(Data extracted from a collection)
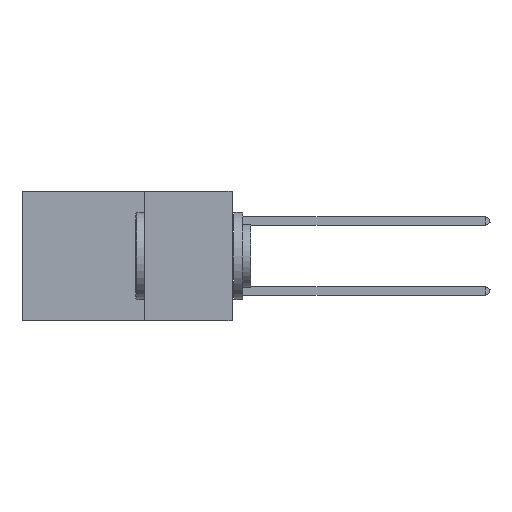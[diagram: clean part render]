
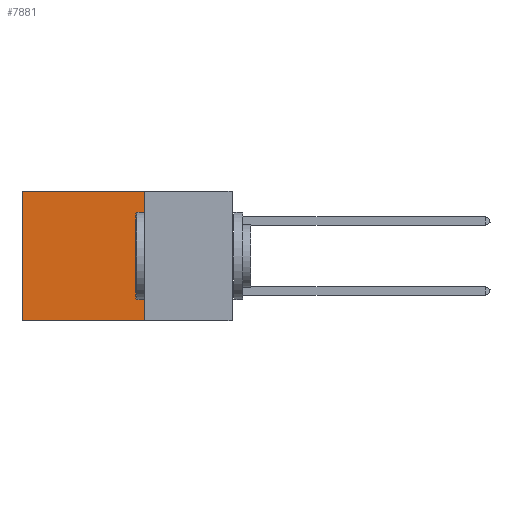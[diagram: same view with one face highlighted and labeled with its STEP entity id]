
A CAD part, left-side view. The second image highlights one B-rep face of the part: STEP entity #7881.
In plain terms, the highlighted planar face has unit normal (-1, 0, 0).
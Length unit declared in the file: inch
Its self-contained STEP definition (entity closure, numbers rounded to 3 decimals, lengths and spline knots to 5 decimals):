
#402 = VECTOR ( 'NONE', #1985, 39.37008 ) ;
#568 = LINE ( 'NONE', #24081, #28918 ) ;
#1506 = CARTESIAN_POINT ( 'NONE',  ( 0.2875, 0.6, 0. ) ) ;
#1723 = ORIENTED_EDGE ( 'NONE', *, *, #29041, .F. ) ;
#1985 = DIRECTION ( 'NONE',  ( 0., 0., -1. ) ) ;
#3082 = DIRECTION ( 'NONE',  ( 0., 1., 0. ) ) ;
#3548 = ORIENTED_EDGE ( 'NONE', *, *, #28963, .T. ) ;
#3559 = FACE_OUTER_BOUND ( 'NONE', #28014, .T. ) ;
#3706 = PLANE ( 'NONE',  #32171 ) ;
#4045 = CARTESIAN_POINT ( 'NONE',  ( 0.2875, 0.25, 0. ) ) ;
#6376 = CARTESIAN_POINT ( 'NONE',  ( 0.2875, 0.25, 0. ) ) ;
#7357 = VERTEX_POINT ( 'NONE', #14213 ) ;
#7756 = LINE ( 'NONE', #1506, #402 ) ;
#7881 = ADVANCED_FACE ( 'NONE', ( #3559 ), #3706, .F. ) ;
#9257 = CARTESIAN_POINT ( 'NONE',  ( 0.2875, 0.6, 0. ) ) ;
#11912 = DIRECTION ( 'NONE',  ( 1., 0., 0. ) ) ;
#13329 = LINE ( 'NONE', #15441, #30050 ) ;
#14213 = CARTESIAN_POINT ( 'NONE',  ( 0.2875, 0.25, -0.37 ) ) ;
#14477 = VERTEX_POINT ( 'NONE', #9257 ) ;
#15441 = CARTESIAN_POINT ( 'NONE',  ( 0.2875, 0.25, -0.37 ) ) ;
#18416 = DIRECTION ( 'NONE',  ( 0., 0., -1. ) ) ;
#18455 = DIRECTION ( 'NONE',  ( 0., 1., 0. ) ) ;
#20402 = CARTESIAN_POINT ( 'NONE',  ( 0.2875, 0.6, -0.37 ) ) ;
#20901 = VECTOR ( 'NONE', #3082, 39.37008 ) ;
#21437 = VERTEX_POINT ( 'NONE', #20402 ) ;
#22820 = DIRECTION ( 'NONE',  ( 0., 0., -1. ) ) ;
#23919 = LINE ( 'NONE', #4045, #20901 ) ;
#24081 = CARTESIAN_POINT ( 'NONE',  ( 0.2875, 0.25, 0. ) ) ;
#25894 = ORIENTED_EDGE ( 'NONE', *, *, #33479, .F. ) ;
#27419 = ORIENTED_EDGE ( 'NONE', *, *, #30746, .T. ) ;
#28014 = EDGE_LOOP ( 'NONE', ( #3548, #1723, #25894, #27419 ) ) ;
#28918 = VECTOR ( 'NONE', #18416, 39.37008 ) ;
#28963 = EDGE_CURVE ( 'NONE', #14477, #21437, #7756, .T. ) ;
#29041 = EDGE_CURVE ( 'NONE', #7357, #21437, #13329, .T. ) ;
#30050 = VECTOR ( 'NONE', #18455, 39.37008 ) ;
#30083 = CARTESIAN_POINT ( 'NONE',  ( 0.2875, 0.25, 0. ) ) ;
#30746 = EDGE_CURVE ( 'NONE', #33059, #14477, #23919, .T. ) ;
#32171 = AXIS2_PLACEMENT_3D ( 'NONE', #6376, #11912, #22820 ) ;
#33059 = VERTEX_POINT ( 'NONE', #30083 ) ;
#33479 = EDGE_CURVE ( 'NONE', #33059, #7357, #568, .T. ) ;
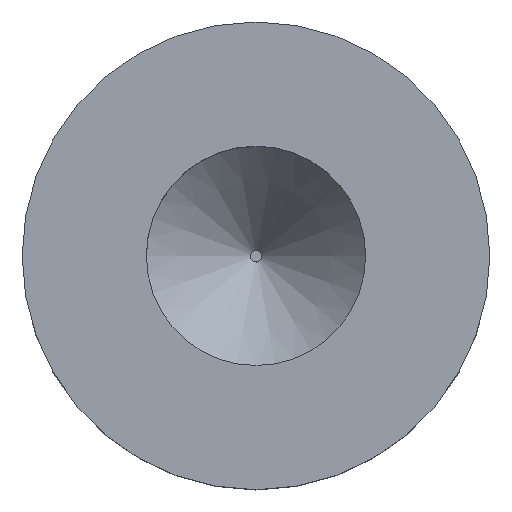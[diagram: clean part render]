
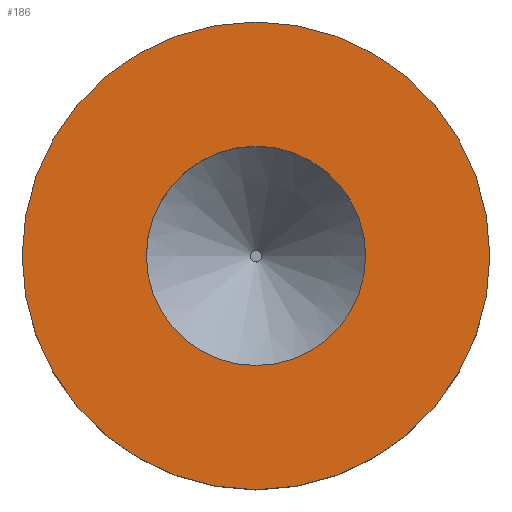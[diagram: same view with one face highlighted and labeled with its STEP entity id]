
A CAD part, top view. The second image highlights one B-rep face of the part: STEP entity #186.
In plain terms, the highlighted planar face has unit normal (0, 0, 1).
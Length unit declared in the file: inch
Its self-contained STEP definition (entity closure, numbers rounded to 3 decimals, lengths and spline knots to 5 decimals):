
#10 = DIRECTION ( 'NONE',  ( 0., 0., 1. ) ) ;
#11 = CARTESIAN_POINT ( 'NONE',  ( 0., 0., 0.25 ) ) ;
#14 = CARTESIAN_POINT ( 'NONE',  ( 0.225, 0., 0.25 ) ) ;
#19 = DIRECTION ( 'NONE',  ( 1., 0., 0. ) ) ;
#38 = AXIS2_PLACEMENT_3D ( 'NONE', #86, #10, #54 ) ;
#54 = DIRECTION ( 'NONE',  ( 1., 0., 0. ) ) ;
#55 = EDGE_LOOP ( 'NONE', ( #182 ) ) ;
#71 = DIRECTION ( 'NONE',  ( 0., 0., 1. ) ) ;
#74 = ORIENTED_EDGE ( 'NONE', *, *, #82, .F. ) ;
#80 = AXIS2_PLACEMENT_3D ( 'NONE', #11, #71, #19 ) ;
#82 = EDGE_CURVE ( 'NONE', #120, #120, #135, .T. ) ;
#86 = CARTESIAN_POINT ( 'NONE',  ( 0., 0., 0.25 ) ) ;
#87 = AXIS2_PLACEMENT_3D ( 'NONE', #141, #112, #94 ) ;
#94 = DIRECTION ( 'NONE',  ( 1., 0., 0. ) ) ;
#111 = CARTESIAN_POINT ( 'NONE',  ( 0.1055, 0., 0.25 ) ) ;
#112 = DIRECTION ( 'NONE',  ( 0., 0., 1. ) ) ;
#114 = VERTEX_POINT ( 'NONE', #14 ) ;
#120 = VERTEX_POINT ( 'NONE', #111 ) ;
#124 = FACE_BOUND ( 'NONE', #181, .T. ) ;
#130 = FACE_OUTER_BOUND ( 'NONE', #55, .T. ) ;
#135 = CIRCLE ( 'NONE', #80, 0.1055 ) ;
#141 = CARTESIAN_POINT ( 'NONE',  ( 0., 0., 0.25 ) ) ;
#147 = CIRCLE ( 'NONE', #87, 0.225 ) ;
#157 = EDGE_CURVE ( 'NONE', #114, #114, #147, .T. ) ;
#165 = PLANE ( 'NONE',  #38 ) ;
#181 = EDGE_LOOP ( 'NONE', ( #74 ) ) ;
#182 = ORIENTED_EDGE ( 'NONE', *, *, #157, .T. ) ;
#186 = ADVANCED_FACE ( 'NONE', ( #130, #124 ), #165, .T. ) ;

*WHAT TO DO:* Your job is to copy each entry exactly as written; the pictures do not go in.

*OUTPUT BELOW:*
[diagram: clean part render]
[diagram: same view with one face highlighted and labeled with its STEP entity id]
A CAD part, left-side view. The second image highlights one B-rep face of the part: STEP entity #7881.
In plain terms, the highlighted planar face has unit normal (-1, 0, 0).
Length unit declared in the file: inch
Its self-contained STEP definition (entity closure, numbers rounded to 3 decimals, lengths and spline knots to 5 decimals):
#402 = VECTOR ( 'NONE', #1985, 39.37008 ) ;
#568 = LINE ( 'NONE', #24081, #28918 ) ;
#1506 = CARTESIAN_POINT ( 'NONE',  ( 0.2875, 0.6, 0. ) ) ;
#1723 = ORIENTED_EDGE ( 'NONE', *, *, #29041, .F. ) ;
#1985 = DIRECTION ( 'NONE',  ( 0., 0., -1. ) ) ;
#3082 = DIRECTION ( 'NONE',  ( 0., 1., 0. ) ) ;
#3548 = ORIENTED_EDGE ( 'NONE', *, *, #28963, .T. ) ;
#3559 = FACE_OUTER_BOUND ( 'NONE', #28014, .T. ) ;
#3706 = PLANE ( 'NONE',  #32171 ) ;
#4045 = CARTESIAN_POINT ( 'NONE',  ( 0.2875, 0.25, 0. ) ) ;
#6376 = CARTESIAN_POINT ( 'NONE',  ( 0.2875, 0.25, 0. ) ) ;
#7357 = VERTEX_POINT ( 'NONE', #14213 ) ;
#7756 = LINE ( 'NONE', #1506, #402 ) ;
#7881 = ADVANCED_FACE ( 'NONE', ( #3559 ), #3706, .F. ) ;
#9257 = CARTESIAN_POINT ( 'NONE',  ( 0.2875, 0.6, 0. ) ) ;
#11912 = DIRECTION ( 'NONE',  ( 1., 0., 0. ) ) ;
#13329 = LINE ( 'NONE', #15441, #30050 ) ;
#14213 = CARTESIAN_POINT ( 'NONE',  ( 0.2875, 0.25, -0.37 ) ) ;
#14477 = VERTEX_POINT ( 'NONE', #9257 ) ;
#15441 = CARTESIAN_POINT ( 'NONE',  ( 0.2875, 0.25, -0.37 ) ) ;
#18416 = DIRECTION ( 'NONE',  ( 0., 0., -1. ) ) ;
#18455 = DIRECTION ( 'NONE',  ( 0., 1., 0. ) ) ;
#20402 = CARTESIAN_POINT ( 'NONE',  ( 0.2875, 0.6, -0.37 ) ) ;
#20901 = VECTOR ( 'NONE', #3082, 39.37008 ) ;
#21437 = VERTEX_POINT ( 'NONE', #20402 ) ;
#22820 = DIRECTION ( 'NONE',  ( 0., 0., -1. ) ) ;
#23919 = LINE ( 'NONE', #4045, #20901 ) ;
#24081 = CARTESIAN_POINT ( 'NONE',  ( 0.2875, 0.25, 0. ) ) ;
#25894 = ORIENTED_EDGE ( 'NONE', *, *, #33479, .F. ) ;
#27419 = ORIENTED_EDGE ( 'NONE', *, *, #30746, .T. ) ;
#28014 = EDGE_LOOP ( 'NONE', ( #3548, #1723, #25894, #27419 ) ) ;
#28918 = VECTOR ( 'NONE', #18416, 39.37008 ) ;
#28963 = EDGE_CURVE ( 'NONE', #14477, #21437, #7756, .T. ) ;
#29041 = EDGE_CURVE ( 'NONE', #7357, #21437, #13329, .T. ) ;
#30050 = VECTOR ( 'NONE', #18455, 39.37008 ) ;
#30083 = CARTESIAN_POINT ( 'NONE',  ( 0.2875, 0.25, 0. ) ) ;
#30746 = EDGE_CURVE ( 'NONE', #33059, #14477, #23919, .T. ) ;
#32171 = AXIS2_PLACEMENT_3D ( 'NONE', #6376, #11912, #22820 ) ;
#33059 = VERTEX_POINT ( 'NONE', #30083 ) ;
#33479 = EDGE_CURVE ( 'NONE', #33059, #7357, #568, .T. ) ;
[diagram: clean part render]
[diagram: same view with one face highlighted and labeled with its STEP entity id]
A CAD part, top view. The second image highlights one B-rep face of the part: STEP entity #186.
In plain terms, the highlighted planar face has unit normal (0, 0, 1).
Length unit declared in the file: inch
Its self-contained STEP definition (entity closure, numbers rounded to 3 decimals, lengths and spline knots to 5 decimals):
#10 = DIRECTION ( 'NONE',  ( 0., 0., 1. ) ) ;
#11 = CARTESIAN_POINT ( 'NONE',  ( 0., 0., 0.25 ) ) ;
#14 = CARTESIAN_POINT ( 'NONE',  ( 0.225, 0., 0.25 ) ) ;
#19 = DIRECTION ( 'NONE',  ( 1., 0., 0. ) ) ;
#38 = AXIS2_PLACEMENT_3D ( 'NONE', #86, #10, #54 ) ;
#54 = DIRECTION ( 'NONE',  ( 1., 0., 0. ) ) ;
#55 = EDGE_LOOP ( 'NONE', ( #182 ) ) ;
#71 = DIRECTION ( 'NONE',  ( 0., 0., 1. ) ) ;
#74 = ORIENTED_EDGE ( 'NONE', *, *, #82, .F. ) ;
#80 = AXIS2_PLACEMENT_3D ( 'NONE', #11, #71, #19 ) ;
#82 = EDGE_CURVE ( 'NONE', #120, #120, #135, .T. ) ;
#86 = CARTESIAN_POINT ( 'NONE',  ( 0., 0., 0.25 ) ) ;
#87 = AXIS2_PLACEMENT_3D ( 'NONE', #141, #112, #94 ) ;
#94 = DIRECTION ( 'NONE',  ( 1., 0., 0. ) ) ;
#111 = CARTESIAN_POINT ( 'NONE',  ( 0.1055, 0., 0.25 ) ) ;
#112 = DIRECTION ( 'NONE',  ( 0., 0., 1. ) ) ;
#114 = VERTEX_POINT ( 'NONE', #14 ) ;
#120 = VERTEX_POINT ( 'NONE', #111 ) ;
#124 = FACE_BOUND ( 'NONE', #181, .T. ) ;
#130 = FACE_OUTER_BOUND ( 'NONE', #55, .T. ) ;
#135 = CIRCLE ( 'NONE', #80, 0.1055 ) ;
#141 = CARTESIAN_POINT ( 'NONE',  ( 0., 0., 0.25 ) ) ;
#147 = CIRCLE ( 'NONE', #87, 0.225 ) ;
#157 = EDGE_CURVE ( 'NONE', #114, #114, #147, .T. ) ;
#165 = PLANE ( 'NONE',  #38 ) ;
#181 = EDGE_LOOP ( 'NONE', ( #74 ) ) ;
#182 = ORIENTED_EDGE ( 'NONE', *, *, #157, .T. ) ;
#186 = ADVANCED_FACE ( 'NONE', ( #130, #124 ), #165, .T. ) ;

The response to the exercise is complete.